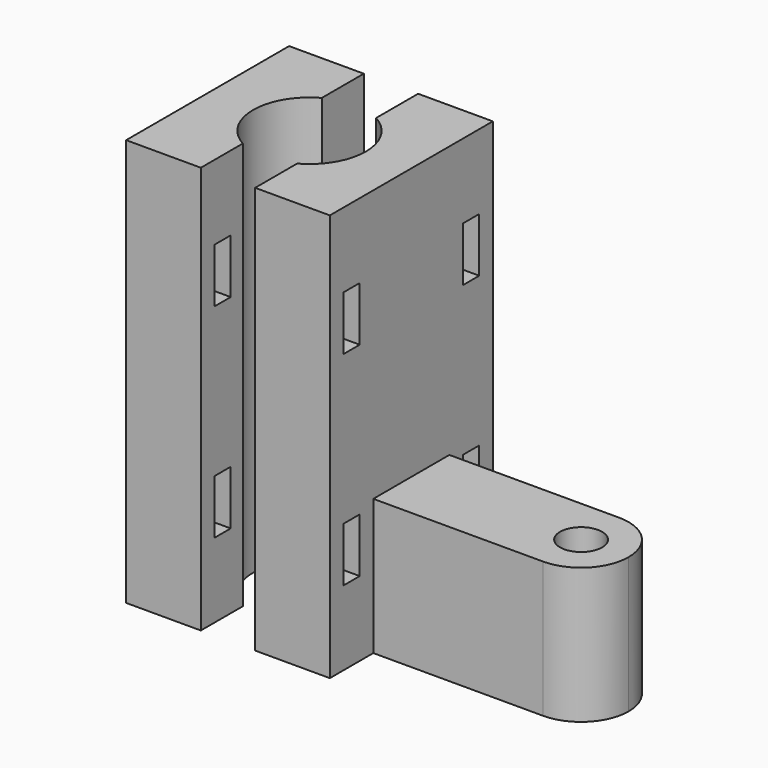
from build123d import *

# Parameters (mm, degrees)
F1_DEPTH = 30
F2_W     = 1.5
F2_H     = 4
F3_DEPTH = 15
F4_DEPTH = 10


# Not quite as in the source:
# - a feature names something its author has since deleted; it is built from what else it names


with BuildPart() as f1:
    # F0 (on Top) → F1 (new body)
    with BuildSketch(Plane.XY):
        with BuildLine():
            ThreePointArc((-2, -3.6362755671), (-4.15, 0), (-2, 3.6362755671))
            Line((-2, 3.6362755671), (-2, 7.5))
            Line((-2, 7.5), (-7.5, 7.5))
            Line((-7.5, 7.5), (-7.5, -7.5))
            Line((-7.5, -7.5), (-2, -7.5))
            Line((-2, -7.5), (-2, -3.6362755671))
        make_face()
    extrude(amount=F1_DEPTH)


with BuildPart() as f1b:
    # F0 (on Top) → F1, piece 2 (new body)
    with BuildSketch(Plane.XY):
        with BuildLine():
            ThreePointArc((2, 3.6362755671), (3.572289182, 2.1121671335), (4.15, 0))
            Line((4.15, 0), (7.5, 0))
            Line((7.5, 0), (7.5, 3.5))
            Line((7.5, 3.5), (7.5, 7.5))
            Line((7.5, 7.5), (2, 7.5))
            Line((2, 7.5), (2, 3.6362755671))
        make_face()
        with BuildLine():
            Line((7.5, 0), (4.15, 0))
            ThreePointArc((4.15, 0), (3.572289182, -2.1121671335), (2, -3.6362755671))
            Line((2, -3.6362755671), (2, -7.5))
            Line((2, -7.5), (7.5, -7.5))
            Line((7.5, -7.5), (7.5, -3.5))
            Line((7.5, -3.5), (7.5, 0))
        make_face()
    extrude(amount=F1_DEPTH)


with BuildPart() as f3_tool:
    # F2 (on face) → F3 (new body, through all)
    with BuildSketch(Plane(origin=(-7.5, 0, 0), x_dir=(0, -1, 0), z_dir=(-1, 0, 0))):
        with Locations((-5.5, 22.5)):
            Rectangle(F2_W, F2_H)
        with Locations((-5.5, 7.5)):
            Rectangle(F2_W, F2_H)
        with Locations((5.5, 7.5)):
            Rectangle(F2_W, F2_H)
        with Locations((5.5, 22.5)):
            Rectangle(F2_W, F2_H)
    extrude(amount=-F3_DEPTH)


with BuildPart() as f1_1:
    add(f1.part)

    # F3: cut by f3_tool
    add(f3_tool.part, mode=Mode.SUBTRACT)


with BuildPart() as f1b_1:
    add(f1b.part)

    # F3: cut by f3_tool
    add(f3_tool.part, mode=Mode.SUBTRACT)

    # F0 (on Top) → F4 (join)
    with BuildSketch(Plane.XY):
        with BuildLine():
            Line((7.5, 3.5), (7.5, 0))
            Line((7.5, 0), (16.5, 0))
            ThreePointArc((16.5, 0), (17.5251262658, 2.4748737342), (20, 3.5))
            Line((20, 3.5), (7.5, 3.5))
        make_face()
        with BuildLine():
            ThreePointArc((20, 3.5), (17.5251262658, 2.4748737342), (16.5, 0))
            ThreePointArc((16.5, 0), (17.5251262658, -2.4748737342), (20, -3.5))
            ThreePointArc((20, -3.5), (22.4748737342, -2.4748737342), (23.5, 0))
            ThreePointArc((23.5, 0), (22.4748737342, 2.4748737342), (20, 3.5))
        make_face()
        with BuildLine():
            ThreePointArc((21.55, 0), (20, -1.55), (18.45, 0))
            ThreePointArc((18.45, 0), (20, 1.55), (21.55, 0))
        make_face(mode=Mode.SUBTRACT)
        with BuildLine():
            Line((16.5, 0), (7.5, 0))
            Line((7.5, 0), (7.5, -3.5))
            Line((7.5, -3.5), (20, -3.5))
            ThreePointArc((20, -3.5), (17.5251262658, -2.4748737342), (16.5, 0))
        make_face()
    extrude(amount=F4_DEPTH)


solid = Compound([f1_1.part, f1b_1.part])
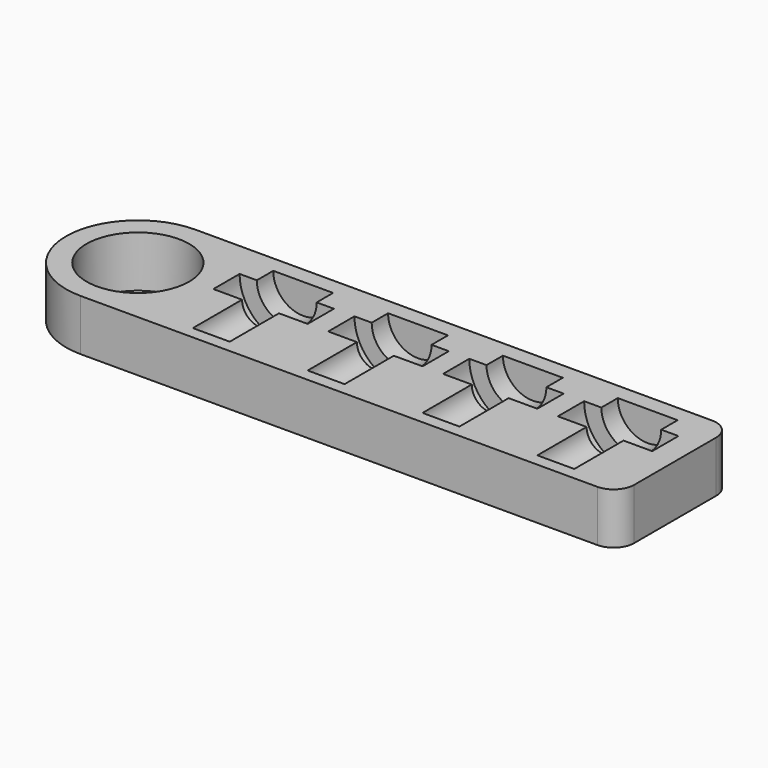
from build123d import *

# Parameters (mm, degrees)
F0_R         = 12.5
F1_DEPTH     = 12.5
F7_TEXT_SIZE = 5.5555555556
F8_DEPTH     = 1


# Not quite as in the source:
# - Text() gives the source's letters only with a copy of the font that has no kerning and outlines rounded to 1/6400 em; it was checked with that copy


with BuildPart() as f1:
    # F0 (on Top) → F1 (new body)
    with BuildSketch(Plane.XY):
        with BuildLine():
            ThreePointArc((0, 17.5), (5.1256313292, 5.1256313292), (17.5, 0))
            Line((17.5, 0), (143.5, 0))
            ThreePointArc((143.5, 0), (147.0355339059, 1.4644660941), (148.5, 5))
            Line((148.5, 5), (148.5, 30))
            ThreePointArc((148.5, 30), (147.0355339059, 33.5355339059), (143.5, 35))
            Line((143.5, 35), (17.5, 35))
            ThreePointArc((17.5, 35), (5.1256313292, 29.8743686708), (0, 17.5))
        make_face()
        with Locations((17.5, 17.5)):
            Circle(F0_R, mode=Mode.SUBTRACT)
    extrude(amount=F1_DEPTH)

    # F2 (on face) → F3 (revolve, cut)
    with BuildSketch(Plane.XY.offset(12.5)):
        Polygon((47, 18), (47, 3), (51.5, 3), (51.5, 18), (58.5, 18), (58.5, 26), (54.3, 26), (54.3, 31), (47, 31), (47, 26), align=None)
    revolve(axis=Axis((47, 10.5, 12.5), (0, 1, 0)), mode=Mode.SUBTRACT)

    # F2 (on face) → F4 (revolve, cut)
    with BuildSketch(Plane.XY.offset(12.5)):
        Polygon((75, 18), (75, 3), (79.5, 3), (79.5, 18), (86.5, 18), (86.5, 26), (82.3, 26), (82.3, 31), (75, 31), (75, 26), align=None)
    revolve(axis=Axis((75, 22, 12.5), (0, 1, 0)), mode=Mode.SUBTRACT)

    # F2 (on face) → F5 (revolve, cut)
    with BuildSketch(Plane.XY.offset(12.5)):
        Polygon((103, 18), (103, 3), (107.5, 3), (107.5, 18), (114.5, 18), (114.5, 26), (110.3, 26), (110.3, 31), (103, 31), (103, 26), align=None)
    revolve(axis=Axis((103, 22, 12.5), (0, 1, 0)), mode=Mode.SUBTRACT)

    # F2 (on face) → F6 (revolve, cut)
    with BuildSketch(Plane.XY.offset(12.5)):
        Polygon((131, 18), (131, 3), (135.5, 3), (135.5, 18), (142.5, 18), (142.5, 26), (138.3, 26), (138.3, 31), (131, 31), (131, 26), align=None)
    revolve(axis=Axis((131, 22, 12.5), (0, 1, 0)), mode=Mode.SUBTRACT)

    # F7 (on face) → F8 (cut)
    with BuildSketch(Plane(origin=(0, 0, 0), x_dir=(1, 0, 0), z_dir=(0, 0, -1))):
        with Locations((30, -9)):
            Text('796', F7_TEXT_SIZE, font='Open Sans', text_align=(TextAlign.LEFT, TextAlign.BOTTOM))
    extrude(amount=-F8_DEPTH, mode=Mode.SUBTRACT)


solid = f1.part
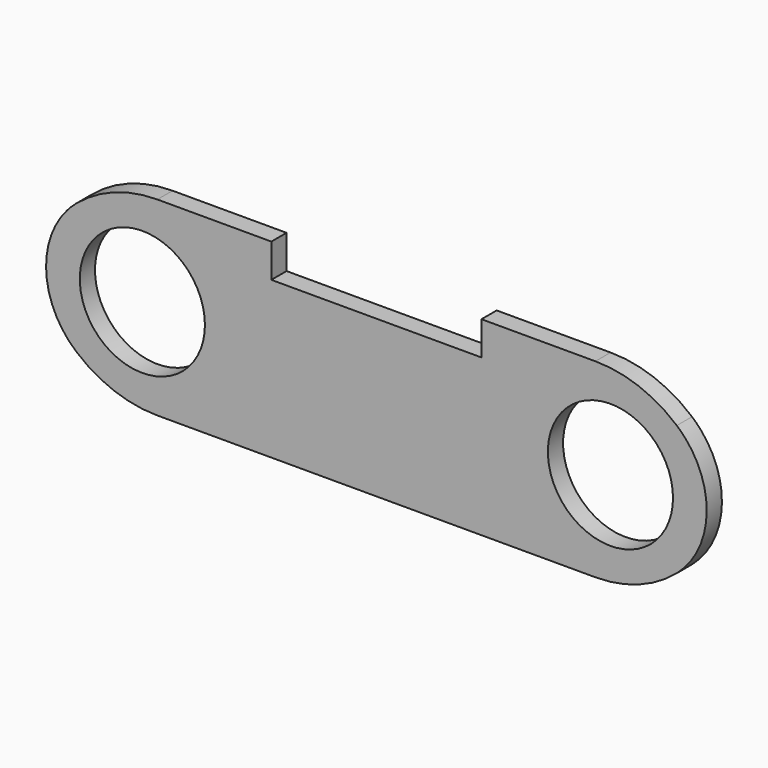
from build123d import *

# Parameters (mm, degrees)
F0_R        = 16.7132
F1_DEPTH    = 5.08
F2_T1_DEPTH = 172.212
F3_R        = 22.86
F4_R        = 22.86


# Not quite as in the source:
# - a fillet or chamfer that OpenCascade refuses, or shapes differently, is made with other operations: its cross-section is extruded or revolved along the edge and cut away or added


with BuildPart() as f1:
    # F0 (on Front) → F1 (new body)
    with BuildSketch(Plane.XZ):
        Polygon((-91.9353, -25.4), (91.9353, -25.4), (91.9353, 25.4), (28.067, 25.4), (28.067, 16.4), (-28.067, 16.4), (-28.067, 25.4), (-91.9353, 25.4), align=None)
        with Locations((-62.5221, 0)):
            Circle(F0_R, mode=Mode.SUBTRACT)
        with Locations((62.5221, 0)):
            Circle(F0_R, mode=Mode.SUBTRACT)
    extrude(amount=F1_DEPTH)

    # F2: fillet of radius 33.4264 on 4 edges, made by hand

    # F2_s2 → F2_t1 (cut)
    with BuildSketch(Plane.XZ.offset(-83.566)):
        with BuildLine():
            ThreePointArc((91.9353, -8.0264), (82.1449341107, 15.6096341107), (58.5089, 25.4))
            Line((58.5089, 25.4), (91.9353, 25.4))
            Line((91.9353, 25.4), (91.9353, -8.0264))
        make_face()
        with BuildLine():
            ThreePointArc((58.5089, -25.4), (82.1449341107, -15.6096341107), (91.9353, 8.0264))
            Line((91.9353, 8.0264), (91.9353, -25.4))
            Line((91.9353, -25.4), (58.5089, -25.4))
        make_face()
        with BuildLine():
            ThreePointArc((-58.5089, 25.4), (-82.1449341107, 15.6096341107), (-91.9353, -8.0264))
            Line((-91.9353, -8.0264), (-91.9353, 25.4))
            Line((-91.9353, 25.4), (-58.5089, 25.4))
        make_face()
        with BuildLine():
            ThreePointArc((-91.9353, 8.0264), (-82.1449341107, -15.6096341107), (-58.5089, -25.4))
            Line((-58.5089, -25.4), (-91.9353, -25.4))
            Line((-91.9353, -25.4), (-91.9353, 8.0264))
        make_face()
    extrude(amount=F2_T1_DEPTH, mode=Mode.SUBTRACT)

    # F3
    f3_edges = [f1.edges().sort_by_distance(p)[0] for p in [
        (-90.957338, -2.54, 0),
    ]]
    fillet(f3_edges, radius=F3_R)

    # F4
    f4_edges = [f1.edges().sort_by_distance(p)[0] for p in [
        (90.957338, -2.54, 0),
    ]]
    fillet(f4_edges, radius=F4_R)


solid = f1.part
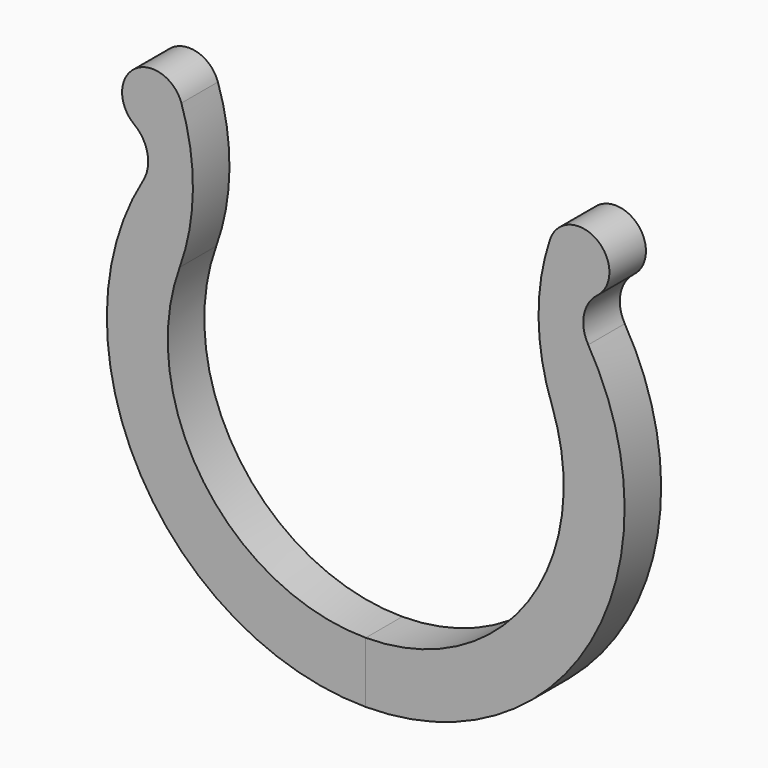
from build123d import *
from build123d import SkipClean  # not in build123d's __all__

# Parameters (mm, degrees)
F1_DEPTH = 0.9


with BuildPart() as f1:
    # F0 (on Front) → F1 (new body)
    with BuildSketch(Plane.XZ):
        with BuildLine():
            ThreePointArc((-3.6648012211, 1.333878559), (-3.4047554287, 2.7601313999), (-3.6315648982, 4.1920456588))
            ThreePointArc((-3.6315648982, 4.1920456588), (-4.5505468427, 4.4869465177), (-4.562494352, 3.5218809304))
            ThreePointArc((-4.562494352, 3.5218809304), (-4.2983800559, 3.0982301484), (-4.3837176879, 2.6063421173))
            ThreePointArc((-4.3837176879, 2.6063421173), (-4.4329642903, -2.5216715886), (0, -5.1))
            Line((0, -5.1), (0, -3.9))
            ThreePointArc((0, -3.9), (-3.1946929727, -2.2369481018), (-3.6648012211, 1.333878559))
        make_face()
    extrude(amount=F1_DEPTH)

    # F2: F1 across plane


with BuildPart() as f1_1:
    add(f1.part, clean=False)
    with SkipClean():  # cleaning this boolean's faces spoils the solid; the shape is the same uncleaned
        add(f1.part.mirror(Plane.YZ), clean=False)


solid = f1_1.part
____
**Activity:** Check the material above line by line, and give only the number of lines holding the string "font".

**Written response:** 2